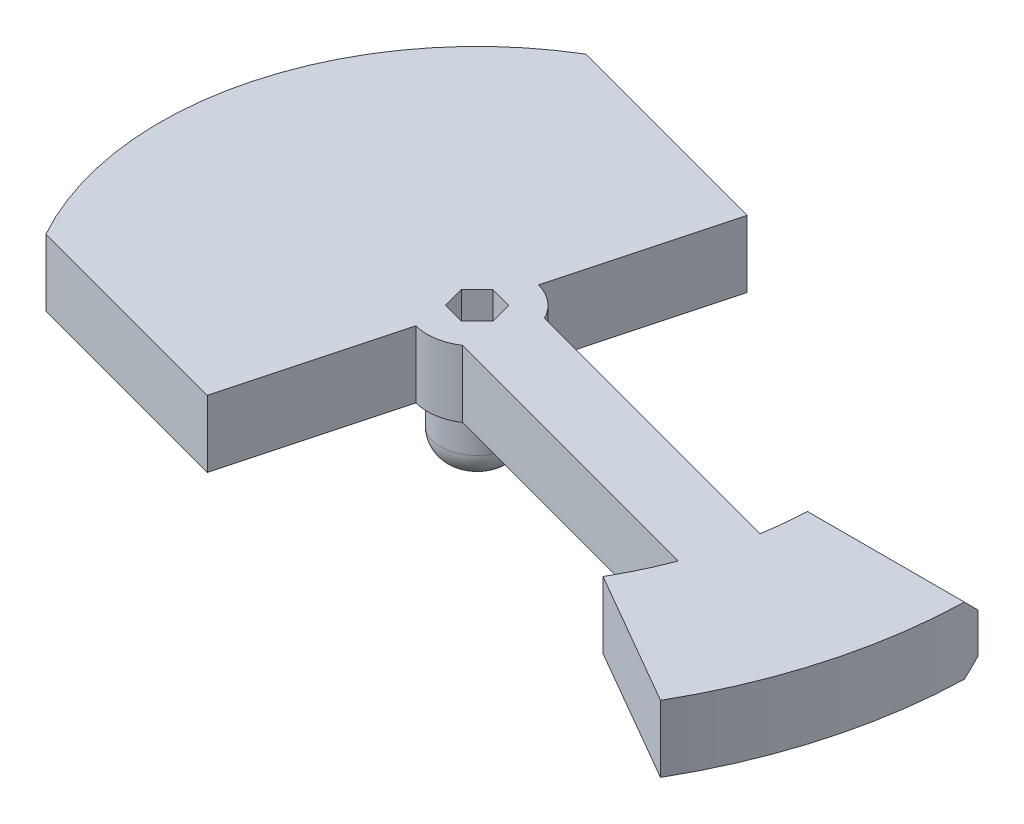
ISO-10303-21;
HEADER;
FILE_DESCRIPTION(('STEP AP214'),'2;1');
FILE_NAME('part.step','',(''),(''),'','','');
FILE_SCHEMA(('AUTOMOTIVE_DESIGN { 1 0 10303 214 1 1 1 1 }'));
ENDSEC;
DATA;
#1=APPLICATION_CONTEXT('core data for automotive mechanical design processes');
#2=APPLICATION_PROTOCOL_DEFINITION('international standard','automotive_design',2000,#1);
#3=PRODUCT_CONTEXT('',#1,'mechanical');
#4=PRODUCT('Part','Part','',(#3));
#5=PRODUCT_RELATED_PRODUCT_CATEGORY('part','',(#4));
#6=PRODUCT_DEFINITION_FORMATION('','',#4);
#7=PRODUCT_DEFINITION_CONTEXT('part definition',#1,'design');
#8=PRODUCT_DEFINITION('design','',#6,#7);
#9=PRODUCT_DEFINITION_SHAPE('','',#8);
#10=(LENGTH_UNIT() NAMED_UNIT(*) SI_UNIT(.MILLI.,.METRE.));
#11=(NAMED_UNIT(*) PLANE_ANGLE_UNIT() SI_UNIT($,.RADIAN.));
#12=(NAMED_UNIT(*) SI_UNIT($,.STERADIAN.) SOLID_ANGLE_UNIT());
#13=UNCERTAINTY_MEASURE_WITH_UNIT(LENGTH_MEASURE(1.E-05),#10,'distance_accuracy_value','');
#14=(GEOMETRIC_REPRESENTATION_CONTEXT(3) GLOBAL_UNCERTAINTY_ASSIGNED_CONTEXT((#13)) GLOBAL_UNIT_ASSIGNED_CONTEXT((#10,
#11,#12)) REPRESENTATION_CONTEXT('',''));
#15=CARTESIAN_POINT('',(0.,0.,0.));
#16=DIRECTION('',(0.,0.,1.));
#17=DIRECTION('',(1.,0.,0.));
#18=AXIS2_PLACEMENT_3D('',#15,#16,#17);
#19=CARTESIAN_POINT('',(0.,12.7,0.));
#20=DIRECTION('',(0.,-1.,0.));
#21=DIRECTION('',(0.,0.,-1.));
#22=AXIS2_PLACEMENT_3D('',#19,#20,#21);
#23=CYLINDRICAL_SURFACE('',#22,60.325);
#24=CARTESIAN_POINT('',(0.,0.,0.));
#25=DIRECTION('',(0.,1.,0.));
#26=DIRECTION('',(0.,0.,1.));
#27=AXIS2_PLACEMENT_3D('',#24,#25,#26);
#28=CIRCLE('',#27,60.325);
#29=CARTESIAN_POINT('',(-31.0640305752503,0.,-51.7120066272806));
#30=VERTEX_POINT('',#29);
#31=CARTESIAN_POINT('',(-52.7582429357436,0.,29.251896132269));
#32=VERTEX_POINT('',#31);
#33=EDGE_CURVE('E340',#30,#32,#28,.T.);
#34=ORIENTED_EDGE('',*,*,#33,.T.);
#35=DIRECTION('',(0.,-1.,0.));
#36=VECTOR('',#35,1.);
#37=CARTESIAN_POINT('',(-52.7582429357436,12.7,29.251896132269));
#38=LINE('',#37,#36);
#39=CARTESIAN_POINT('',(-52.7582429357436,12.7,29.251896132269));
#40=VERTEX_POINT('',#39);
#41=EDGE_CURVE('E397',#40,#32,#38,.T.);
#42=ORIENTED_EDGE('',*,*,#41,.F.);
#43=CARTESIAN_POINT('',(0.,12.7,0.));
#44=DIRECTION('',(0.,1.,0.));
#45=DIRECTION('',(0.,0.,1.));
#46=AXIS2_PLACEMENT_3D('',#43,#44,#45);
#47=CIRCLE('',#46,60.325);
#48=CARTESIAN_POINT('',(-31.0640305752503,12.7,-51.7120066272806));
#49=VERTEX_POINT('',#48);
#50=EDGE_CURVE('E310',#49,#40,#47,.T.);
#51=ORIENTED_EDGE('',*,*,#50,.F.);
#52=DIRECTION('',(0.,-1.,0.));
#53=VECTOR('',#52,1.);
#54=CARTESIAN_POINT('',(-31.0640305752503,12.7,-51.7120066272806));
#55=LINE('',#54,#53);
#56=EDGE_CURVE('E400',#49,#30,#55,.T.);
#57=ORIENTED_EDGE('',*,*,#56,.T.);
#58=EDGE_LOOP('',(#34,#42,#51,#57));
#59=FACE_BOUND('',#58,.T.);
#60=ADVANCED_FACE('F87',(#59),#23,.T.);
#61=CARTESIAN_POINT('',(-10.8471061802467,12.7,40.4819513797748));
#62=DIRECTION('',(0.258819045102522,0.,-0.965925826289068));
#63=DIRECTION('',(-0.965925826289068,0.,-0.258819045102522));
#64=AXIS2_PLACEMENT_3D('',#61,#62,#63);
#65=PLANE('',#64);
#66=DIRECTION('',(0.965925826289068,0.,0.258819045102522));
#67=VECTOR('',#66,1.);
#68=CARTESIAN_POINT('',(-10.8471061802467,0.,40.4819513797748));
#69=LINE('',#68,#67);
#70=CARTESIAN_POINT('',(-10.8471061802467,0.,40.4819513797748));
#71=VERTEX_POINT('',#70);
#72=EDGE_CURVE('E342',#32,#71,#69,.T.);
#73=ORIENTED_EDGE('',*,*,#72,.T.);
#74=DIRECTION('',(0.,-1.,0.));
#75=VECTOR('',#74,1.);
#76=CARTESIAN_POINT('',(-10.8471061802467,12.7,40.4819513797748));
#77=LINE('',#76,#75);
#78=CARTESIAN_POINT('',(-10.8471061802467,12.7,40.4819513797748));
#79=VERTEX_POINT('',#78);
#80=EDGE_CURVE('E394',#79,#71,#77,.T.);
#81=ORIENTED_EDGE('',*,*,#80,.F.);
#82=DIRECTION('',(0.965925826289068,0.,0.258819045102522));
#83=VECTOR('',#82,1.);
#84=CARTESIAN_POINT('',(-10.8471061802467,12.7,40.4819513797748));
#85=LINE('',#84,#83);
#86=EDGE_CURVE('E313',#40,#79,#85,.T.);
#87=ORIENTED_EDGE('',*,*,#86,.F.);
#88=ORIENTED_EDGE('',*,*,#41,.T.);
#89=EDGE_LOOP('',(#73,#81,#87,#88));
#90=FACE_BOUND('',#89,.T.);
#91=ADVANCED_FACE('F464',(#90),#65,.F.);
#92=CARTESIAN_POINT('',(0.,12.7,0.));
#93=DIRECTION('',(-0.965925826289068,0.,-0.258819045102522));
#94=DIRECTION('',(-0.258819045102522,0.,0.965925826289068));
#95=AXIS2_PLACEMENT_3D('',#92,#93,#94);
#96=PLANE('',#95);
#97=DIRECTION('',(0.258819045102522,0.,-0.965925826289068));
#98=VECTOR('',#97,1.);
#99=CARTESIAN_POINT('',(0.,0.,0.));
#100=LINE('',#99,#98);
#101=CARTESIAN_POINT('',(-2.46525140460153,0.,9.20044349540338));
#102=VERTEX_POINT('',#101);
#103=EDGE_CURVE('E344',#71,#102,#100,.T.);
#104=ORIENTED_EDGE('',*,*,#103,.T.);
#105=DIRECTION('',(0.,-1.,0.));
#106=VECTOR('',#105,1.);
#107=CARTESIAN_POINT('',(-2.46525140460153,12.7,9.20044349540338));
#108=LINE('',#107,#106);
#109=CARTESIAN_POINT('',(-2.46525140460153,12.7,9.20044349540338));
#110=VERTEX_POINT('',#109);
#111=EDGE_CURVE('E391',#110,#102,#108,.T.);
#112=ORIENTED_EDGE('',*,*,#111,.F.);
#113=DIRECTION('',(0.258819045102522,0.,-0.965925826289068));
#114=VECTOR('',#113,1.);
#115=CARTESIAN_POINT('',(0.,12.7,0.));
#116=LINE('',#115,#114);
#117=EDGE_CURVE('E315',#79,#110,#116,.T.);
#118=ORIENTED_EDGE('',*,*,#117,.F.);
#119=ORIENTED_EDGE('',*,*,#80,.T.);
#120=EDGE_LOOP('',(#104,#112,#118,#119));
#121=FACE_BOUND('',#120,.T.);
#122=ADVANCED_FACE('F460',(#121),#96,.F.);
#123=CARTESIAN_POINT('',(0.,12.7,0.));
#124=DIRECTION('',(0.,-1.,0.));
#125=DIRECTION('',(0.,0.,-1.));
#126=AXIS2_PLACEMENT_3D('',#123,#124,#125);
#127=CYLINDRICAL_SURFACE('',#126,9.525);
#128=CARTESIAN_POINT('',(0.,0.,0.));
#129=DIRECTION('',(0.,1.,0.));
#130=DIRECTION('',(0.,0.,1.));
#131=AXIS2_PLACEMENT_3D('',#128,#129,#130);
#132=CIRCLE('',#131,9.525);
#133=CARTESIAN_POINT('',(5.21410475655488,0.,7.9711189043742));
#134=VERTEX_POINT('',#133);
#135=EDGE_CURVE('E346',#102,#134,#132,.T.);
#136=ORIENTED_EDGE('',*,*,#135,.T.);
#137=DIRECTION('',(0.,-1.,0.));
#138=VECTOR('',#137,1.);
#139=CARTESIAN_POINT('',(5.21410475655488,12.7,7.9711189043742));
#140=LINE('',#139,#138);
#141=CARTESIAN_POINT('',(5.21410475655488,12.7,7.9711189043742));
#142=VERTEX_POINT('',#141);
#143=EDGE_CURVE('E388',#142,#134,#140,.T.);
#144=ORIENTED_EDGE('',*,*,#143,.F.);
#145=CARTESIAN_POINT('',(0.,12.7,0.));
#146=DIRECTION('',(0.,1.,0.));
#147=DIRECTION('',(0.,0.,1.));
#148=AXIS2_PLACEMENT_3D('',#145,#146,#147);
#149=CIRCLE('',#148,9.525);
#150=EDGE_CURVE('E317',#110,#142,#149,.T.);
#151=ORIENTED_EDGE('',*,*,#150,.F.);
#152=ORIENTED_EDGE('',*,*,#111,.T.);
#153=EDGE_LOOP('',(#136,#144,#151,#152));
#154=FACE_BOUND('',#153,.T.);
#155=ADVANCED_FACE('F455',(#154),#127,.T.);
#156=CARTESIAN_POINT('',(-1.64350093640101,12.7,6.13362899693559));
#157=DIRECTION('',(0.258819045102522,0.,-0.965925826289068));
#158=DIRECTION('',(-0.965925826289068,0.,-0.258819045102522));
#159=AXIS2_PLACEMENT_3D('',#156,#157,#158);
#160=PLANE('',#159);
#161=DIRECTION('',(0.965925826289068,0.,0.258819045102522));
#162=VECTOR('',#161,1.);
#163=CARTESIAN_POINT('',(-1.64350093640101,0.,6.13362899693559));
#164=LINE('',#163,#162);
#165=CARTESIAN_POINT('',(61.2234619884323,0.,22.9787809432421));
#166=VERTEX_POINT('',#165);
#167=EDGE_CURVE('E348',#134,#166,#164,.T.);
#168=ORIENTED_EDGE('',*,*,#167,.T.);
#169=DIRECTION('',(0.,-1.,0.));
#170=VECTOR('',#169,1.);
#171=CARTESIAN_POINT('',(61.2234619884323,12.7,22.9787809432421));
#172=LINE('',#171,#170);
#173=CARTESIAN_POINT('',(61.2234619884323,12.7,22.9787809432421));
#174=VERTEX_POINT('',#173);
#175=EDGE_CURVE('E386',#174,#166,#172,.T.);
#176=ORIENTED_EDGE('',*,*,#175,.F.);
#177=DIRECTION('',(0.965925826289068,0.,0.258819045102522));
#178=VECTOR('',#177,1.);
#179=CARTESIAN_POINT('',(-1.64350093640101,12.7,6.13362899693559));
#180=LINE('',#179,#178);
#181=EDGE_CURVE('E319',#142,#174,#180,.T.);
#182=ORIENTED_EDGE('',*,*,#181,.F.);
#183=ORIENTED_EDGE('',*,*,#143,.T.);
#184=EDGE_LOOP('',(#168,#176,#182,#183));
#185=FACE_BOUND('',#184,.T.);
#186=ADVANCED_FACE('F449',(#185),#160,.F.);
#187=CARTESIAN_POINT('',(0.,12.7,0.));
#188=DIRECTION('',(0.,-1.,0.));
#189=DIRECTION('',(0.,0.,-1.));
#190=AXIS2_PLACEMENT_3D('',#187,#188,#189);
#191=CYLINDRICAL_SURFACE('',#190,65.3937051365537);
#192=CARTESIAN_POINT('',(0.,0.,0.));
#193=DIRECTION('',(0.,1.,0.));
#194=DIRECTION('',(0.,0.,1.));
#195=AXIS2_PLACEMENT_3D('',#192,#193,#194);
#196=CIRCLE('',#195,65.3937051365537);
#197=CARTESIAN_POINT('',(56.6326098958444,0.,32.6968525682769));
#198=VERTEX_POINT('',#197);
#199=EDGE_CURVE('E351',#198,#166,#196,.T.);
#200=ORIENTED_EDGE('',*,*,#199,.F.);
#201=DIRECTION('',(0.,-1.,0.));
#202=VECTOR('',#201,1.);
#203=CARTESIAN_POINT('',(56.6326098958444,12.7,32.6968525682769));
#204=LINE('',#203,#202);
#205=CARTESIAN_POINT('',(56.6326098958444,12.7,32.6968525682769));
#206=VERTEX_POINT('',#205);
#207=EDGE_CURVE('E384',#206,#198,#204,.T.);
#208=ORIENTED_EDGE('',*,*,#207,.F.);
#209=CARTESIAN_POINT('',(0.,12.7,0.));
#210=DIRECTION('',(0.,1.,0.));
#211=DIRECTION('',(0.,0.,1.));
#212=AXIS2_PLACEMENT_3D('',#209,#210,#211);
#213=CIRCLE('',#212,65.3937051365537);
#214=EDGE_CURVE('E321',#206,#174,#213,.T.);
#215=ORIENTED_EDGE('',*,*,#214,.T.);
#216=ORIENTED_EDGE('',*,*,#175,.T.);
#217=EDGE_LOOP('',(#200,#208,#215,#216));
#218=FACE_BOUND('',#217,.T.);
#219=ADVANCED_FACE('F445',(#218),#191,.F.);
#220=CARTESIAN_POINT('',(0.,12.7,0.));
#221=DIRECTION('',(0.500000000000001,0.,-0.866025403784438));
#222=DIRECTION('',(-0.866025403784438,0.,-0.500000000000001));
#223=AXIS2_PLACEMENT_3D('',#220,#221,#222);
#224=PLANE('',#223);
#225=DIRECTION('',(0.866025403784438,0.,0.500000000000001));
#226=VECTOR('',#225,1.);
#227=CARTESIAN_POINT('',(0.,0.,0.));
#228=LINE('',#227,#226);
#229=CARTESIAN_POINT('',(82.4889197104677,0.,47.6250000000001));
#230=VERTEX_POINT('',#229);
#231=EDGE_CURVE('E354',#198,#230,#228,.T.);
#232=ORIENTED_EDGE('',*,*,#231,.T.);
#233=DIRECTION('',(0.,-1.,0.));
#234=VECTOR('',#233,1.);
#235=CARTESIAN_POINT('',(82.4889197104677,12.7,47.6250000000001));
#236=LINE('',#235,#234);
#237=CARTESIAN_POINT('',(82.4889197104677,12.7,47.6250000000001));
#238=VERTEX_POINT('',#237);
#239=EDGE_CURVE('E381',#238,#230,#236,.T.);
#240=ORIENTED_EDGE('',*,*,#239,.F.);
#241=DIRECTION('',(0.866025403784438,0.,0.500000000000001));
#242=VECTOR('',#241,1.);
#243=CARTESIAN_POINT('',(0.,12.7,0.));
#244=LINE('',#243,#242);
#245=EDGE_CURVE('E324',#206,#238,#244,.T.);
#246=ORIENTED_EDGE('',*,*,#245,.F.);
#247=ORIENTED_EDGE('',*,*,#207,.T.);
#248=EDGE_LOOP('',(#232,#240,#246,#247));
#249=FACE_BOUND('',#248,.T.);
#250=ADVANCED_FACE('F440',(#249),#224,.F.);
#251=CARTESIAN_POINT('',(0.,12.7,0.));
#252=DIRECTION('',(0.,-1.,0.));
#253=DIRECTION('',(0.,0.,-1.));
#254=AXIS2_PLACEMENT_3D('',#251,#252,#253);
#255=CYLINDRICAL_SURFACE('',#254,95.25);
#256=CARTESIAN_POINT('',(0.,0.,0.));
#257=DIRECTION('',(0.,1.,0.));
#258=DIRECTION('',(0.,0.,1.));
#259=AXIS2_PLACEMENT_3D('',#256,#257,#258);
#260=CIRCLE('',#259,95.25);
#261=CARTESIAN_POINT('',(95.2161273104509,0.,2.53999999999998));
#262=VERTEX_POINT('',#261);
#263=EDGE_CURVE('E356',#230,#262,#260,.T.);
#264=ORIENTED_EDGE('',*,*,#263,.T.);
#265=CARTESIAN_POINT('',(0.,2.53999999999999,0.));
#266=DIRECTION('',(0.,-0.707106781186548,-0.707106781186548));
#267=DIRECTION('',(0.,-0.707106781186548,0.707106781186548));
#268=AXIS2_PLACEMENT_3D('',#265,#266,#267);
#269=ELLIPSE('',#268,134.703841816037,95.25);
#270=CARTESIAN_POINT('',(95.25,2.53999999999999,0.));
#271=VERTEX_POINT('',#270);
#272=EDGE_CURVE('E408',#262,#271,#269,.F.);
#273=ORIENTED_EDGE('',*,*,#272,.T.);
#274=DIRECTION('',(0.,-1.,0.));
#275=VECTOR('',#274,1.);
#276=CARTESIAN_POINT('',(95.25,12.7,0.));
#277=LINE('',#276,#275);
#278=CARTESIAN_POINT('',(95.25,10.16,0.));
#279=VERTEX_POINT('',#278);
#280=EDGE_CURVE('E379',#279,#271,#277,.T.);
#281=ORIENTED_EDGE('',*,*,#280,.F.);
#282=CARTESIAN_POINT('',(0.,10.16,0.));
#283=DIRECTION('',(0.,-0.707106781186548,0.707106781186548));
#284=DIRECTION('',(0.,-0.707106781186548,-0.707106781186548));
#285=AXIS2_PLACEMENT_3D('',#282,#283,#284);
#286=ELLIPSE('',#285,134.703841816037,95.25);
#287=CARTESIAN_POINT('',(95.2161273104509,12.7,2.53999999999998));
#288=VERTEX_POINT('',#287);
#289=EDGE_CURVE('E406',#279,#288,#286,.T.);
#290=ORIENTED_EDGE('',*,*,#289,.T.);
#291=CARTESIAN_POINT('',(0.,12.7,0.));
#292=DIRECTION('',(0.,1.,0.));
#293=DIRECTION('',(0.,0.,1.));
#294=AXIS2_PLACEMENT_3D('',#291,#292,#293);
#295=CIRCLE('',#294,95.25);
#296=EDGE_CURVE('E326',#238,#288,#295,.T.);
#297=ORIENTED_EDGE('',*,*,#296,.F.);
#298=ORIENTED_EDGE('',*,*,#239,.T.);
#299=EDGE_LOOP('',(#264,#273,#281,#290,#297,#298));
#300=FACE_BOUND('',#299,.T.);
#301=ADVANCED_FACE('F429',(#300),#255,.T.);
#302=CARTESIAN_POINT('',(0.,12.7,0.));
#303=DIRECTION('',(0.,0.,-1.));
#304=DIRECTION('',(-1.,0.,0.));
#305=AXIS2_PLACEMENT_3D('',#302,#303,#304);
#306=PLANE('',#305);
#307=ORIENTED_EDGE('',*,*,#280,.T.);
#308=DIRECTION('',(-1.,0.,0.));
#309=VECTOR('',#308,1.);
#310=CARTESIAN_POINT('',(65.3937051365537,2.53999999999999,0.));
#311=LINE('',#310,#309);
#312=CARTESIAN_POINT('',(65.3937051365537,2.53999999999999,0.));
******
▸ AIM OF THE TASK: Output the lines of the records above exactly as they appear, from the line containing "#165=CARTESIAN_POINT('',(61.2234619884323,0.,22.9787809432421));" through the line containing "#183=ORIENTED_EDGE('',*,*,#143,.T.);".

▸ SOLVED PROBLEM:
#165=CARTESIAN_POINT('',(61.2234619884323,0.,22.9787809432421));
#166=VERTEX_POINT('',#165);
#167=EDGE_CURVE('E348',#134,#166,#164,.T.);
#168=ORIENTED_EDGE('',*,*,#167,.T.);
#169=DIRECTION('',(0.,-1.,0.));
#170=VECTOR('',#169,1.);
#171=CARTESIAN_POINT('',(61.2234619884323,12.7,22.9787809432421));
#172=LINE('',#171,#170);
#173=CARTESIAN_POINT('',(61.2234619884323,12.7,22.9787809432421));
#174=VERTEX_POINT('',#173);
#175=EDGE_CURVE('E386',#174,#166,#172,.T.);
#176=ORIENTED_EDGE('',*,*,#175,.F.);
#177=DIRECTION('',(0.965925826289068,0.,0.258819045102522));
#178=VECTOR('',#177,1.);
#179=CARTESIAN_POINT('',(-1.64350093640101,12.7,6.13362899693559));
#180=LINE('',#179,#178);
#181=EDGE_CURVE('E319',#142,#174,#180,.T.);
#182=ORIENTED_EDGE('',*,*,#181,.F.);
#183=ORIENTED_EDGE('',*,*,#143,.T.);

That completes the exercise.